What you give back must match the records below exactly, apart from the pictures, which are omitted.

SOURCE DATA section start

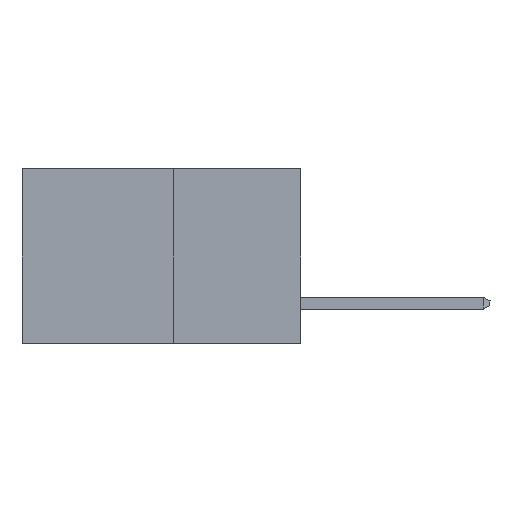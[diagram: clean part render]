
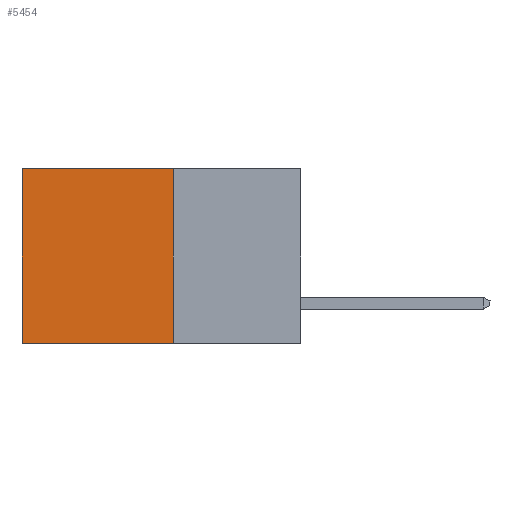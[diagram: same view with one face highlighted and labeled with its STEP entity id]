
A CAD part, left-side view. The second image highlights one B-rep face of the part: STEP entity #5454.
In plain terms, the highlighted planar face has unit normal (-1, 0, 0).
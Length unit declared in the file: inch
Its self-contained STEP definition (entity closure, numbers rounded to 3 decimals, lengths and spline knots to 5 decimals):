
#211 = VECTOR ( 'NONE', #2346, 39.37008 ) ;
#237 = ORIENTED_EDGE ( 'NONE', *, *, #3557, .T. ) ;
#422 = VECTOR ( 'NONE', #10011, 39.37008 ) ;
#688 = CARTESIAN_POINT ( 'NONE',  ( 0.277, 0.27, -0.37 ) ) ;
#1224 = EDGE_CURVE ( 'NONE', #1654, #4325, #7173, .T. ) ;
#1654 = VERTEX_POINT ( 'NONE', #8738 ) ;
#1847 = VERTEX_POINT ( 'NONE', #6281 ) ;
#2186 = EDGE_CURVE ( 'NONE', #5797, #1654, #5253, .T. ) ;
#2346 = DIRECTION ( 'NONE',  ( 0., 0., -1. ) ) ;
#2474 = CARTESIAN_POINT ( 'NONE',  ( 0.277, 0.27, -0.37 ) ) ;
#2611 = DIRECTION ( 'NONE',  ( 0., 1., 0. ) ) ;
#3557 = EDGE_CURVE ( 'NONE', #5797, #1847, #8741, .T. ) ;
#4085 = FACE_OUTER_BOUND ( 'NONE', #8456, .T. ) ;
#4261 = EDGE_CURVE ( 'NONE', #1847, #4325, #8124, .T. ) ;
#4325 = VERTEX_POINT ( 'NONE', #7297 ) ;
#4998 = CARTESIAN_POINT ( 'NONE',  ( 0.277, 0.27, 0. ) ) ;
#5031 = ORIENTED_EDGE ( 'NONE', *, *, #1224, .F. ) ;
#5253 = LINE ( 'NONE', #2474, #211 ) ;
#5273 = PLANE ( 'NONE',  #7977 ) ;
#5454 = ADVANCED_FACE ( 'NONE', ( #4085 ), #5273, .F. ) ;
#5797 = VERTEX_POINT ( 'NONE', #4998 ) ;
#6281 = CARTESIAN_POINT ( 'NONE',  ( 0.277, 0.59, 0. ) ) ;
#6356 = CARTESIAN_POINT ( 'NONE',  ( 0.277, 0.27, 0. ) ) ;
#6587 = ORIENTED_EDGE ( 'NONE', *, *, #4261, .T. ) ;
#6811 = DIRECTION ( 'NONE',  ( 0., 0., -1. ) ) ;
#7004 = VECTOR ( 'NONE', #2611, 39.37008 ) ;
#7173 = LINE ( 'NONE', #10051, #422 ) ;
#7297 = CARTESIAN_POINT ( 'NONE',  ( 0.277, 0.59, -0.37 ) ) ;
#7826 = DIRECTION ( 'NONE',  ( 1., 0., 0. ) ) ;
#7977 = AXIS2_PLACEMENT_3D ( 'NONE', #688, #7826, #6811 ) ;
#8124 = LINE ( 'NONE', #8141, #9830 ) ;
#8141 = CARTESIAN_POINT ( 'NONE',  ( 0.277, 0.59, -0.37 ) ) ;
#8456 = EDGE_LOOP ( 'NONE', ( #6587, #5031, #9315, #237 ) ) ;
#8700 = DIRECTION ( 'NONE',  ( 0., 0., -1. ) ) ;
#8738 = CARTESIAN_POINT ( 'NONE',  ( 0.277, 0.27, -0.37 ) ) ;
#8741 = LINE ( 'NONE', #6356, #7004 ) ;
#9315 = ORIENTED_EDGE ( 'NONE', *, *, #2186, .F. ) ;
#9830 = VECTOR ( 'NONE', #8700, 39.37008 ) ;
#10011 = DIRECTION ( 'NONE',  ( 0., 1., 0. ) ) ;
#10051 = CARTESIAN_POINT ( 'NONE',  ( 0.277, 0.27, -0.37 ) ) ;

SOURCE DATA section end

*SOLUTION FOR THIS TASK*:
[diagram: clean part render]
[diagram: same view with one face highlighted and labeled with its STEP entity id]
A CAD part, left-side view. The second image highlights one B-rep face of the part: STEP entity #5454.
In plain terms, the highlighted planar face has unit normal (-1, 0, 0).
Length unit declared in the file: inch
Its self-contained STEP definition (entity closure, numbers rounded to 3 decimals, lengths and spline knots to 5 decimals):
#211 = VECTOR ( 'NONE', #2346, 39.37008 ) ;
#237 = ORIENTED_EDGE ( 'NONE', *, *, #3557, .T. ) ;
#422 = VECTOR ( 'NONE', #10011, 39.37008 ) ;
#688 = CARTESIAN_POINT ( 'NONE',  ( 0.277, 0.27, -0.37 ) ) ;
#1224 = EDGE_CURVE ( 'NONE', #1654, #4325, #7173, .T. ) ;
#1654 = VERTEX_POINT ( 'NONE', #8738 ) ;
#1847 = VERTEX_POINT ( 'NONE', #6281 ) ;
#2186 = EDGE_CURVE ( 'NONE', #5797, #1654, #5253, .T. ) ;
#2346 = DIRECTION ( 'NONE',  ( 0., 0., -1. ) ) ;
#2474 = CARTESIAN_POINT ( 'NONE',  ( 0.277, 0.27, -0.37 ) ) ;
#2611 = DIRECTION ( 'NONE',  ( 0., 1., 0. ) ) ;
#3557 = EDGE_CURVE ( 'NONE', #5797, #1847, #8741, .T. ) ;
#4085 = FACE_OUTER_BOUND ( 'NONE', #8456, .T. ) ;
#4261 = EDGE_CURVE ( 'NONE', #1847, #4325, #8124, .T. ) ;
#4325 = VERTEX_POINT ( 'NONE', #7297 ) ;
#4998 = CARTESIAN_POINT ( 'NONE',  ( 0.277, 0.27, 0. ) ) ;
#5031 = ORIENTED_EDGE ( 'NONE', *, *, #1224, .F. ) ;
#5253 = LINE ( 'NONE', #2474, #211 ) ;
#5273 = PLANE ( 'NONE',  #7977 ) ;
#5454 = ADVANCED_FACE ( 'NONE', ( #4085 ), #5273, .F. ) ;
#5797 = VERTEX_POINT ( 'NONE', #4998 ) ;
#6281 = CARTESIAN_POINT ( 'NONE',  ( 0.277, 0.59, 0. ) ) ;
#6356 = CARTESIAN_POINT ( 'NONE',  ( 0.277, 0.27, 0. ) ) ;
#6587 = ORIENTED_EDGE ( 'NONE', *, *, #4261, .T. ) ;
#6811 = DIRECTION ( 'NONE',  ( 0., 0., -1. ) ) ;
#7004 = VECTOR ( 'NONE', #2611, 39.37008 ) ;
#7173 = LINE ( 'NONE', #10051, #422 ) ;
#7297 = CARTESIAN_POINT ( 'NONE',  ( 0.277, 0.59, -0.37 ) ) ;
#7826 = DIRECTION ( 'NONE',  ( 1., 0., 0. ) ) ;
#7977 = AXIS2_PLACEMENT_3D ( 'NONE', #688, #7826, #6811 ) ;
#8124 = LINE ( 'NONE', #8141, #9830 ) ;
#8141 = CARTESIAN_POINT ( 'NONE',  ( 0.277, 0.59, -0.37 ) ) ;
#8456 = EDGE_LOOP ( 'NONE', ( #6587, #5031, #9315, #237 ) ) ;
#8700 = DIRECTION ( 'NONE',  ( 0., 0., -1. ) ) ;
#8738 = CARTESIAN_POINT ( 'NONE',  ( 0.277, 0.27, -0.37 ) ) ;
#8741 = LINE ( 'NONE', #6356, #7004 ) ;
#9315 = ORIENTED_EDGE ( 'NONE', *, *, #2186, .F. ) ;
#9830 = VECTOR ( 'NONE', #8700, 39.37008 ) ;
#10011 = DIRECTION ( 'NONE',  ( 0., 1., 0. ) ) ;
#10051 = CARTESIAN_POINT ( 'NONE',  ( 0.277, 0.27, -0.37 ) ) ;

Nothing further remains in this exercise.